(Collected data)

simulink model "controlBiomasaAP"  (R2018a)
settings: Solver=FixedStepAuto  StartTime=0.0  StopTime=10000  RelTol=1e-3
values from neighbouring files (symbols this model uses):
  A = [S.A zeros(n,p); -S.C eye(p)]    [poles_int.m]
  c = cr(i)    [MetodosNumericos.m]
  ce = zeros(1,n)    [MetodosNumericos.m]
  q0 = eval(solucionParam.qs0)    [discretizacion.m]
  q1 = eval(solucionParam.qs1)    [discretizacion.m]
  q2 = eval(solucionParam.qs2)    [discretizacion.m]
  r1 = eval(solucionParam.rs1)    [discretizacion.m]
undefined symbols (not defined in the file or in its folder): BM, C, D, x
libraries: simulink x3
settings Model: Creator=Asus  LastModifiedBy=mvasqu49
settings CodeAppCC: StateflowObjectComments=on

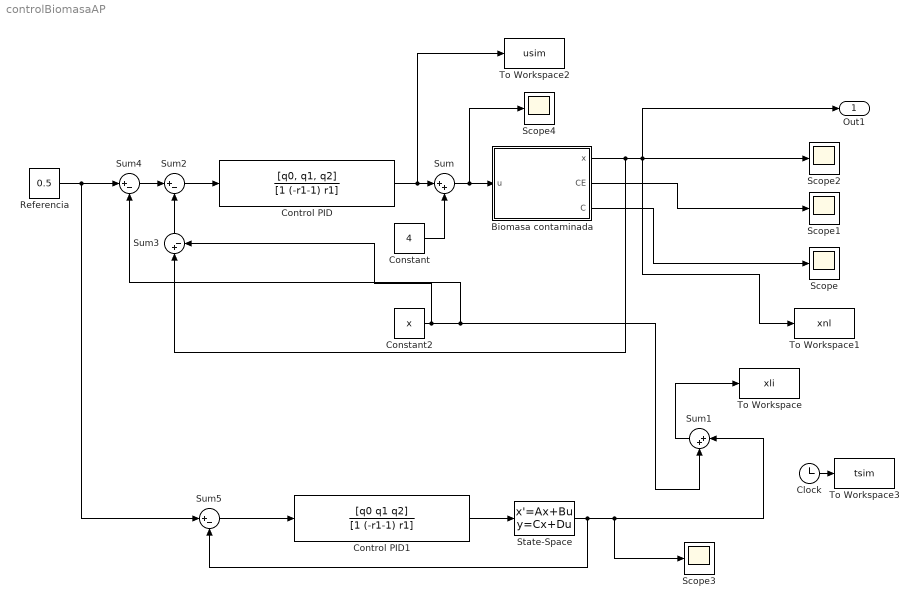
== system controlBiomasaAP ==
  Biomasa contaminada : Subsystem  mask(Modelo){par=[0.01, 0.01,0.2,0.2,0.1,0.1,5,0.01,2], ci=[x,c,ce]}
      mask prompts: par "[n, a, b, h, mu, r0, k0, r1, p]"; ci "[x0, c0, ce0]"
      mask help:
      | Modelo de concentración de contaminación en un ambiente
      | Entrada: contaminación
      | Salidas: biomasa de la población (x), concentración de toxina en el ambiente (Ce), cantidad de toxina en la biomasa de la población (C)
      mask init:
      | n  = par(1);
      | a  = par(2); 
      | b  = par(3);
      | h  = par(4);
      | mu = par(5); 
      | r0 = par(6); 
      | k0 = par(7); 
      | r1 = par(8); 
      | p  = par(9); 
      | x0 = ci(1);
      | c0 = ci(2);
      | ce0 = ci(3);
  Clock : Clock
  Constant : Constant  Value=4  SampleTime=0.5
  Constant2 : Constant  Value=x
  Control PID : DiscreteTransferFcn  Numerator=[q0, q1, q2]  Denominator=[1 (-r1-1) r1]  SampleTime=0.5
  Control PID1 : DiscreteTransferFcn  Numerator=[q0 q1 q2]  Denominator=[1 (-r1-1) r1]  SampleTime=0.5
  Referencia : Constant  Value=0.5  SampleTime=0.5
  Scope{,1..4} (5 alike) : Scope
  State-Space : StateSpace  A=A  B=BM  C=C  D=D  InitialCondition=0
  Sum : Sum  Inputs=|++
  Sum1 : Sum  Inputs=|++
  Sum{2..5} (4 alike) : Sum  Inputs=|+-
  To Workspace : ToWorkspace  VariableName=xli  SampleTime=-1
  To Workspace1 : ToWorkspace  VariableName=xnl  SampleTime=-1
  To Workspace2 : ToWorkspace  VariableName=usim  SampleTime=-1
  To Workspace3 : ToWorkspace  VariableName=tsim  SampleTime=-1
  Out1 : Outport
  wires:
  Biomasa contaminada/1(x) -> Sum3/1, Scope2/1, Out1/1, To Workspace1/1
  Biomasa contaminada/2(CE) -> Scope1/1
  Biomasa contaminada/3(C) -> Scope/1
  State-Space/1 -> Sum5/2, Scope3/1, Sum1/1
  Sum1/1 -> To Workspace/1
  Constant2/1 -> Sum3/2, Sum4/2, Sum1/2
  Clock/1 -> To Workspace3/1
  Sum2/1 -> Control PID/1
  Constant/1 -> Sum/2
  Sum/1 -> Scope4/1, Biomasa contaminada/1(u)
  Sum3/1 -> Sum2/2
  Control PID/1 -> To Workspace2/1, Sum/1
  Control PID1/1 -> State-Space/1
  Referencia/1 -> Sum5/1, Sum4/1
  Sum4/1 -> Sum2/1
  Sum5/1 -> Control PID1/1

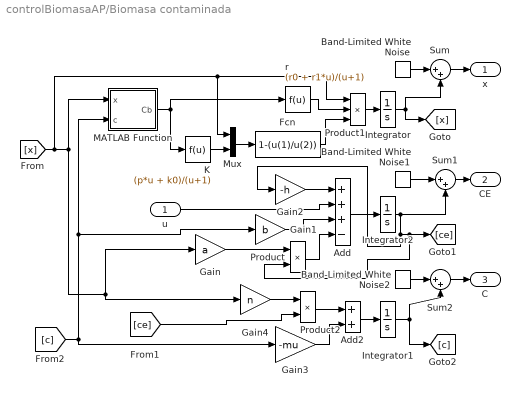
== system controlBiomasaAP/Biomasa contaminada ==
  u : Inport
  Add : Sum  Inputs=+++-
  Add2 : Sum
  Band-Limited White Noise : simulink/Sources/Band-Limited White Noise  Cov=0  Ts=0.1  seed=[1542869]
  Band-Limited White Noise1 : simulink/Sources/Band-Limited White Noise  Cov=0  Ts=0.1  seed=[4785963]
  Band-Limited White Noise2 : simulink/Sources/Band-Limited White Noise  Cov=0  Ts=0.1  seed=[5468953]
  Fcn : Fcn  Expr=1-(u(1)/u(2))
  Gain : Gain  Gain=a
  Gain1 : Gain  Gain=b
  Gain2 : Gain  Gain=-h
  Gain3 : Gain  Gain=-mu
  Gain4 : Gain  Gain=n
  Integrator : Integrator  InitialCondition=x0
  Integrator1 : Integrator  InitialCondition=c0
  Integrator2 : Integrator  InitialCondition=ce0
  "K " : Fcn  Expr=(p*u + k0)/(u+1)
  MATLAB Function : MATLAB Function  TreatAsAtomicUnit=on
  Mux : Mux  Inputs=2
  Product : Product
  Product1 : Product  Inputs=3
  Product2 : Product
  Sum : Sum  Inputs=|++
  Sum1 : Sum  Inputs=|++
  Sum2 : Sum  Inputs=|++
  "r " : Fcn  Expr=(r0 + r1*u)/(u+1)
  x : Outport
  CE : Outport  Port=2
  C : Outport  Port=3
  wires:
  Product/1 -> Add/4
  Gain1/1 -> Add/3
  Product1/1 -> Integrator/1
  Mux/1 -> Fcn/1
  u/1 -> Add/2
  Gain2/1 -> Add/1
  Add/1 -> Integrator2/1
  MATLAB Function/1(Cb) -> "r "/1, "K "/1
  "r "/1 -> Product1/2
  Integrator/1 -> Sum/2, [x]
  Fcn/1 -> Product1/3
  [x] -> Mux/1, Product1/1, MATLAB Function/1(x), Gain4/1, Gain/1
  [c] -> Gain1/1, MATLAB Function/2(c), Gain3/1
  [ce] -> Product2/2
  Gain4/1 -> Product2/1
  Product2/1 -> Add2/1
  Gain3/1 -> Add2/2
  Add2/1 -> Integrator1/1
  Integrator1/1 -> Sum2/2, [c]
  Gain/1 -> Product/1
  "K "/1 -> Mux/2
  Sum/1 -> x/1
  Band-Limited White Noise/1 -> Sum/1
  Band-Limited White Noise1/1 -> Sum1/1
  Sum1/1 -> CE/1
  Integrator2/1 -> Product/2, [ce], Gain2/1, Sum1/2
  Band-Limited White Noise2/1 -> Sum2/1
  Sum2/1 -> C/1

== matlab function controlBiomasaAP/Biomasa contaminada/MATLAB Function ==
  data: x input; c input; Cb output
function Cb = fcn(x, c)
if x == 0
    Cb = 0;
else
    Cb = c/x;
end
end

### WHAT YOU HAVE TO DO
Write every record out again exactly; no pictures belong in the copy.

### ANSWER BOX
simulink model "controlBiomasaAP"  (R2018a)
settings: Solver=FixedStepAuto  StartTime=0.0  StopTime=10000  RelTol=1e-3
values from neighbouring files (symbols this model uses):
  A = [S.A zeros(n,p); -S.C eye(p)]    [poles_int.m]
  c = cr(i)    [MetodosNumericos.m]
  ce = zeros(1,n)    [MetodosNumericos.m]
  q0 = eval(solucionParam.qs0)    [discretizacion.m]
  q1 = eval(solucionParam.qs1)    [discretizacion.m]
  q2 = eval(solucionParam.qs2)    [discretizacion.m]
  r1 = eval(solucionParam.rs1)    [discretizacion.m]
undefined symbols (not defined in the file or in its folder): BM, C, D, x
libraries: simulink x3
settings Model: Creator=Asus  LastModifiedBy=mvasqu49
settings CodeAppCC: StateflowObjectComments=on

== system controlBiomasaAP ==
  Biomasa contaminada : Subsystem  mask(Modelo){par=[0.01, 0.01,0.2,0.2,0.1,0.1,5,0.01,2], ci=[x,c,ce]}
      mask prompts: par "[n, a, b, h, mu, r0, k0, r1, p]"; ci "[x0, c0, ce0]"
      mask help:
      | Modelo de concentración de contaminación en un ambiente
      | Entrada: contaminación
      | Salidas: biomasa de la población (x), concentración de toxina en el ambiente (Ce), cantidad de toxina en la biomasa de la población (C)
      mask init:
      | n  = par(1);
      | a  = par(2); 
      | b  = par(3);
      | h  = par(4);
      | mu = par(5); 
      | r0 = par(6); 
      | k0 = par(7); 
      | r1 = par(8); 
      | p  = par(9); 
      | x0 = ci(1);
      | c0 = ci(2);
      | ce0 = ci(3);
  Clock : Clock
  Constant : Constant  Value=4  SampleTime=0.5
  Constant2 : Constant  Value=x
  Control PID : DiscreteTransferFcn  Numerator=[q0, q1, q2]  Denominator=[1 (-r1-1) r1]  SampleTime=0.5
  Control PID1 : DiscreteTransferFcn  Numerator=[q0 q1 q2]  Denominator=[1 (-r1-1) r1]  SampleTime=0.5
  Referencia : Constant  Value=0.5  SampleTime=0.5
  Scope{,1..4} (5 alike) : Scope
  State-Space : StateSpace  A=A  B=BM  C=C  D=D  InitialCondition=0
  Sum : Sum  Inputs=|++
  Sum1 : Sum  Inputs=|++
  Sum{2..5} (4 alike) : Sum  Inputs=|+-
  To Workspace : ToWorkspace  VariableName=xli  SampleTime=-1
  To Workspace1 : ToWorkspace  VariableName=xnl  SampleTime=-1
  To Workspace2 : ToWorkspace  VariableName=usim  SampleTime=-1
  To Workspace3 : ToWorkspace  VariableName=tsim  SampleTime=-1
  Out1 : Outport
  wires:
  Biomasa contaminada/1(x) -> Sum3/1, Scope2/1, Out1/1, To Workspace1/1
  Biomasa contaminada/2(CE) -> Scope1/1
  Biomasa contaminada/3(C) -> Scope/1
  State-Space/1 -> Sum5/2, Scope3/1, Sum1/1
  Sum1/1 -> To Workspace/1
  Constant2/1 -> Sum3/2, Sum4/2, Sum1/2
  Clock/1 -> To Workspace3/1
  Sum2/1 -> Control PID/1
  Constant/1 -> Sum/2
  Sum/1 -> Scope4/1, Biomasa contaminada/1(u)
  Sum3/1 -> Sum2/2
  Control PID/1 -> To Workspace2/1, Sum/1
  Control PID1/1 -> State-Space/1
  Referencia/1 -> Sum5/1, Sum4/1
  Sum4/1 -> Sum2/1
  Sum5/1 -> Control PID1/1

== system controlBiomasaAP/Biomasa contaminada ==
  u : Inport
  Add : Sum  Inputs=+++-
  Add2 : Sum
  Band-Limited White Noise : simulink/Sources/Band-Limited White Noise  Cov=0  Ts=0.1  seed=[1542869]
  Band-Limited White Noise1 : simulink/Sources/Band-Limited White Noise  Cov=0  Ts=0.1  seed=[4785963]
  Band-Limited White Noise2 : simulink/Sources/Band-Limited White Noise  Cov=0  Ts=0.1  seed=[5468953]
  Fcn : Fcn  Expr=1-(u(1)/u(2))
  Gain : Gain  Gain=a
  Gain1 : Gain  Gain=b
  Gain2 : Gain  Gain=-h
  Gain3 : Gain  Gain=-mu
  Gain4 : Gain  Gain=n
  Integrator : Integrator  InitialCondition=x0
  Integrator1 : Integrator  InitialCondition=c0
  Integrator2 : Integrator  InitialCondition=ce0
  "K " : Fcn  Expr=(p*u + k0)/(u+1)
  MATLAB Function : MATLAB Function  TreatAsAtomicUnit=on
  Mux : Mux  Inputs=2
  Product : Product
  Product1 : Product  Inputs=3
  Product2 : Product
  Sum : Sum  Inputs=|++
  Sum1 : Sum  Inputs=|++
  Sum2 : Sum  Inputs=|++
  "r " : Fcn  Expr=(r0 + r1*u)/(u+1)
  x : Outport
  CE : Outport  Port=2
  C : Outport  Port=3
  wires:
  Product/1 -> Add/4
  Gain1/1 -> Add/3
  Product1/1 -> Integrator/1
  Mux/1 -> Fcn/1
  u/1 -> Add/2
  Gain2/1 -> Add/1
  Add/1 -> Integrator2/1
  MATLAB Function/1(Cb) -> "r "/1, "K "/1
  "r "/1 -> Product1/2
  Integrator/1 -> Sum/2, [x]
  Fcn/1 -> Product1/3
  [x] -> Mux/1, Product1/1, MATLAB Function/1(x), Gain4/1, Gain/1
  [c] -> Gain1/1, MATLAB Function/2(c), Gain3/1
  [ce] -> Product2/2
  Gain4/1 -> Product2/1
  Product2/1 -> Add2/1
  Gain3/1 -> Add2/2
  Add2/1 -> Integrator1/1
  Integrator1/1 -> Sum2/2, [c]
  Gain/1 -> Product/1
  "K "/1 -> Mux/2
  Sum/1 -> x/1
  Band-Limited White Noise/1 -> Sum/1
  Band-Limited White Noise1/1 -> Sum1/1
  Sum1/1 -> CE/1
  Integrator2/1 -> Product/2, [ce], Gain2/1, Sum1/2
  Band-Limited White Noise2/1 -> Sum2/1
  Sum2/1 -> C/1

== matlab function controlBiomasaAP/Biomasa contaminada/MATLAB Function ==
  data: x input; c input; Cb output
function Cb = fcn(x, c)
if x == 0
    Cb = 0;
else
    Cb = c/x;
end
end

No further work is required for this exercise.